Materials provided ▸
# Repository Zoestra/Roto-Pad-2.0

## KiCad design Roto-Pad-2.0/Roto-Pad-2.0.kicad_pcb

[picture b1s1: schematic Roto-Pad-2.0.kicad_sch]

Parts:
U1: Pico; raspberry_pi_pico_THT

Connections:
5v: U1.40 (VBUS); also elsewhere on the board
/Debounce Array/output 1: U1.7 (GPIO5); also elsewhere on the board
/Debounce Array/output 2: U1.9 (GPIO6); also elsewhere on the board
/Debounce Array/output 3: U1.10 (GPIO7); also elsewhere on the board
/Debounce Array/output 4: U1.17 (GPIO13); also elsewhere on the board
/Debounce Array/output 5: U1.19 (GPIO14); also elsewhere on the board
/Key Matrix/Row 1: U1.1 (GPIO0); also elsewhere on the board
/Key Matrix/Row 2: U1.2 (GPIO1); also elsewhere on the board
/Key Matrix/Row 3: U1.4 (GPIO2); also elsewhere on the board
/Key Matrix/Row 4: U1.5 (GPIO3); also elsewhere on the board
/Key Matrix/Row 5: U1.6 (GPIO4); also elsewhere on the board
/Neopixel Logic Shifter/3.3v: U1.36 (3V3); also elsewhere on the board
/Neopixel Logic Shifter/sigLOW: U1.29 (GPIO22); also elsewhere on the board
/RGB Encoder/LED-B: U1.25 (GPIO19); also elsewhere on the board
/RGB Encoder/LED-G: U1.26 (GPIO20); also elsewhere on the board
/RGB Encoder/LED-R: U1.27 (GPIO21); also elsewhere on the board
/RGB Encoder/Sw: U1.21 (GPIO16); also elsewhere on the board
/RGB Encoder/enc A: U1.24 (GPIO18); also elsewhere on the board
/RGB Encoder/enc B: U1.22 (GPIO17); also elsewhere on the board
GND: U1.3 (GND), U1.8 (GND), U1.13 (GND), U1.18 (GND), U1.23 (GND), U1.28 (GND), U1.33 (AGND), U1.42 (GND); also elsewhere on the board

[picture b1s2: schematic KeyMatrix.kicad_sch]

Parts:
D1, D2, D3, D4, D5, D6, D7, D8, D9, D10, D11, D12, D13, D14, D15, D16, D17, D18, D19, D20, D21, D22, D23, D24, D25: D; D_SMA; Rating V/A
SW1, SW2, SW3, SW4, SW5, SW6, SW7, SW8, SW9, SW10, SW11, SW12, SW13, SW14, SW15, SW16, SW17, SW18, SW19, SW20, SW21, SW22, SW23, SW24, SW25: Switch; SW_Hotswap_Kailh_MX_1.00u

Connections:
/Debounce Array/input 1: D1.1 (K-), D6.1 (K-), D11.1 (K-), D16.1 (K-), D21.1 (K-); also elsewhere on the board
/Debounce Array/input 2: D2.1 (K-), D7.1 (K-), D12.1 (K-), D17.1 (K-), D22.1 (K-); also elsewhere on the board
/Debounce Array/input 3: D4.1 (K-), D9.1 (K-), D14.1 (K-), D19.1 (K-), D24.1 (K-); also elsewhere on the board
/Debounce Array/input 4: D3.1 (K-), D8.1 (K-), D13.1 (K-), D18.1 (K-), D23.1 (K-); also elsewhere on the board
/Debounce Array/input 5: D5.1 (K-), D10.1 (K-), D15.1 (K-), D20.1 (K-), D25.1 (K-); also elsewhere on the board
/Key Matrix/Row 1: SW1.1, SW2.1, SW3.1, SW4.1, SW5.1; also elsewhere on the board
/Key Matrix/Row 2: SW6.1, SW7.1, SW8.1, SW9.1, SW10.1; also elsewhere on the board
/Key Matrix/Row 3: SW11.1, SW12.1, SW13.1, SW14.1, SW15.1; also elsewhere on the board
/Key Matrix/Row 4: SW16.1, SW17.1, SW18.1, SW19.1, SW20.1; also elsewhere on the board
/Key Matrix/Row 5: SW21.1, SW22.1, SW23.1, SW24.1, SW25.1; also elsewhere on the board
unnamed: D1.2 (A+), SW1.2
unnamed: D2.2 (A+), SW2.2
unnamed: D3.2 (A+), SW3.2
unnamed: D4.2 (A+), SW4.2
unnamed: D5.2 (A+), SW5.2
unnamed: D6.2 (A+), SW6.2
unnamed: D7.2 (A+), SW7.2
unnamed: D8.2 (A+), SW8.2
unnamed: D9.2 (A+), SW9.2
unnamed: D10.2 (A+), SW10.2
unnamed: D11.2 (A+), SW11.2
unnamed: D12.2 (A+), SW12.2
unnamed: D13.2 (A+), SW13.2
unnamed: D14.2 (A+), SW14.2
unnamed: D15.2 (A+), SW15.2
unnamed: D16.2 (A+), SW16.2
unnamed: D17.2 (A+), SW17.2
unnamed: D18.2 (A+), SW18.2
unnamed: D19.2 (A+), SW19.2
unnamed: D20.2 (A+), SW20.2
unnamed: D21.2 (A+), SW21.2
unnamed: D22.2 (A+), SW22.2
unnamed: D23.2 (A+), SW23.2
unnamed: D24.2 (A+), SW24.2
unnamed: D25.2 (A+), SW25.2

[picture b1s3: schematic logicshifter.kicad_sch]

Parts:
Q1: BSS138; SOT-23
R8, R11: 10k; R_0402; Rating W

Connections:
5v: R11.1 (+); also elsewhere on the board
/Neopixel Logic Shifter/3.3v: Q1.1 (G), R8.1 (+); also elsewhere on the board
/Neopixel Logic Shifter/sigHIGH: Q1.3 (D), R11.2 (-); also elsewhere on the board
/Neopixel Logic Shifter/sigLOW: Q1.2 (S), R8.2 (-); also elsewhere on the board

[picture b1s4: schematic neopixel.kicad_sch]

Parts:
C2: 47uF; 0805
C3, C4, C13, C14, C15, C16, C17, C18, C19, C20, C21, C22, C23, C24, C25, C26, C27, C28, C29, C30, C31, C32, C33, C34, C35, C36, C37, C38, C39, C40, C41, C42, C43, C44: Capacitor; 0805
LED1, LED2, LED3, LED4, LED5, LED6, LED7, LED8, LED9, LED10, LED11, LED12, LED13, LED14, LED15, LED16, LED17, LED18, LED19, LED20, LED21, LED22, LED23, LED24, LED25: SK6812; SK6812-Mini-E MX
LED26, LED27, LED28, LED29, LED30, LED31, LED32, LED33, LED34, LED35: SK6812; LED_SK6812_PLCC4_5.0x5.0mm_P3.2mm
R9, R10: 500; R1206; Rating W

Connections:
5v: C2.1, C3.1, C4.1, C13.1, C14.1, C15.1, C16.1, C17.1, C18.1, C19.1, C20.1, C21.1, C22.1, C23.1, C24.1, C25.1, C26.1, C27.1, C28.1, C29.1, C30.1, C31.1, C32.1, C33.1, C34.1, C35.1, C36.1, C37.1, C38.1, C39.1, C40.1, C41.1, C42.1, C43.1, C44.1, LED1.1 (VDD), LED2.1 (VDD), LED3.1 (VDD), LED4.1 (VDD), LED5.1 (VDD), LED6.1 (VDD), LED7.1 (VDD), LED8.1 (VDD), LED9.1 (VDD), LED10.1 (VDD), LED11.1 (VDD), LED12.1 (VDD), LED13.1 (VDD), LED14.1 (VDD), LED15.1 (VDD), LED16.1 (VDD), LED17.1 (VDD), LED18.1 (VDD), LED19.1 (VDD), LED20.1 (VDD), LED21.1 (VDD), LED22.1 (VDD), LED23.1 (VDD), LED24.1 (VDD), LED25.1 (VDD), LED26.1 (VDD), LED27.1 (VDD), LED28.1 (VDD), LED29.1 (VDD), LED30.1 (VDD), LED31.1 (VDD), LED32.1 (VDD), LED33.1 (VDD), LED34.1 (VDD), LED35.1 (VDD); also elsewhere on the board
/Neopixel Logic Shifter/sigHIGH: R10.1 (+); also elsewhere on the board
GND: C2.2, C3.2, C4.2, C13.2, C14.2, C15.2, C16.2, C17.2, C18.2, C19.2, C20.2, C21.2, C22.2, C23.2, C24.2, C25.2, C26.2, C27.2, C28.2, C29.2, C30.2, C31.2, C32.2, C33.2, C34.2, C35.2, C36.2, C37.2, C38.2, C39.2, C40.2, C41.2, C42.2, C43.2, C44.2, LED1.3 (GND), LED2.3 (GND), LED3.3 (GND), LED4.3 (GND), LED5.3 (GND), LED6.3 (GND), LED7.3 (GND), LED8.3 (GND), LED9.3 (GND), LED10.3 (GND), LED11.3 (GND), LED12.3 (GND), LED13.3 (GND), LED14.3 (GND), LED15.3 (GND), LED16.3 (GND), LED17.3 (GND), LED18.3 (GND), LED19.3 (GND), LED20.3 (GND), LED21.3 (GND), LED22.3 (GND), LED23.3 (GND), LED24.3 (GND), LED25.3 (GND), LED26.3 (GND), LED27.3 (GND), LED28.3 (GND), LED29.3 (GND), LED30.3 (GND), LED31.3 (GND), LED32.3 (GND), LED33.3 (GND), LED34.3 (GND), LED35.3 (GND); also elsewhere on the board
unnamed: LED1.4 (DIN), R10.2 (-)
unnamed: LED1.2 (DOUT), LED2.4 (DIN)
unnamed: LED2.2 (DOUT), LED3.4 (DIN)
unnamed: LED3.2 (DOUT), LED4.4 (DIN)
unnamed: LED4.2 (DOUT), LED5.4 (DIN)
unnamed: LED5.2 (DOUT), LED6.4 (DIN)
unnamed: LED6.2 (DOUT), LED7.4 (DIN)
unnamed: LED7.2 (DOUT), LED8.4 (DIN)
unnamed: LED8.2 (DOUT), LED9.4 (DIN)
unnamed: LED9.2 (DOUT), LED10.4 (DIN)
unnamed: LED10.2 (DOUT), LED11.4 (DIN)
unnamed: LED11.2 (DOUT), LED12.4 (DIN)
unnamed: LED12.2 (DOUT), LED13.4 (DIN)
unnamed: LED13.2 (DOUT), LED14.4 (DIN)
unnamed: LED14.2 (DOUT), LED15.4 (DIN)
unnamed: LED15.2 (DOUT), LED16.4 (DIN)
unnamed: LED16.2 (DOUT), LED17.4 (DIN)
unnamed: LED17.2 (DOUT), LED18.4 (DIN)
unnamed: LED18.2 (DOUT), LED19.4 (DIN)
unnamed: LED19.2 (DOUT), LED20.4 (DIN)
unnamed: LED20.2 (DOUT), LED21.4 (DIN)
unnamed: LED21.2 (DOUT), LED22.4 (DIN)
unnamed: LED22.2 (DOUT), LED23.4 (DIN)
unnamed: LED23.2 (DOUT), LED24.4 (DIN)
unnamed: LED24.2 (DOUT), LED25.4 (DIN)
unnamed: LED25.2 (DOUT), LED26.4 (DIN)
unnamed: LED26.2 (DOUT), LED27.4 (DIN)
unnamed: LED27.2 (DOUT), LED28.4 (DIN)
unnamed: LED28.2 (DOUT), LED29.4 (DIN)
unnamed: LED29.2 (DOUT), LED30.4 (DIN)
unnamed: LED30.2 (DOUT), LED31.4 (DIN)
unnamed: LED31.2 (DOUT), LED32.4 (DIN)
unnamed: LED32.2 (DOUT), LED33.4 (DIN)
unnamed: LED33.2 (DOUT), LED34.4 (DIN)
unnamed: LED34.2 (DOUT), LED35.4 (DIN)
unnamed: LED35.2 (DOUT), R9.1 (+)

Task prompt ▸ Single out each line of the records above with the string "Encoder" in it, and copy it.

Answer section ▸
/RGB Encoder/LED-B: U1.25 (GPIO19); also elsewhere on the board
/RGB Encoder/LED-G: U1.26 (GPIO20); also elsewhere on the board
/RGB Encoder/LED-R: U1.27 (GPIO21); also elsewhere on the board
/RGB Encoder/Sw: U1.21 (GPIO16); also elsewhere on the board
/RGB Encoder/enc A: U1.24 (GPIO18); also elsewhere on the board
/RGB Encoder/enc B: U1.22 (GPIO17); also elsewhere on the board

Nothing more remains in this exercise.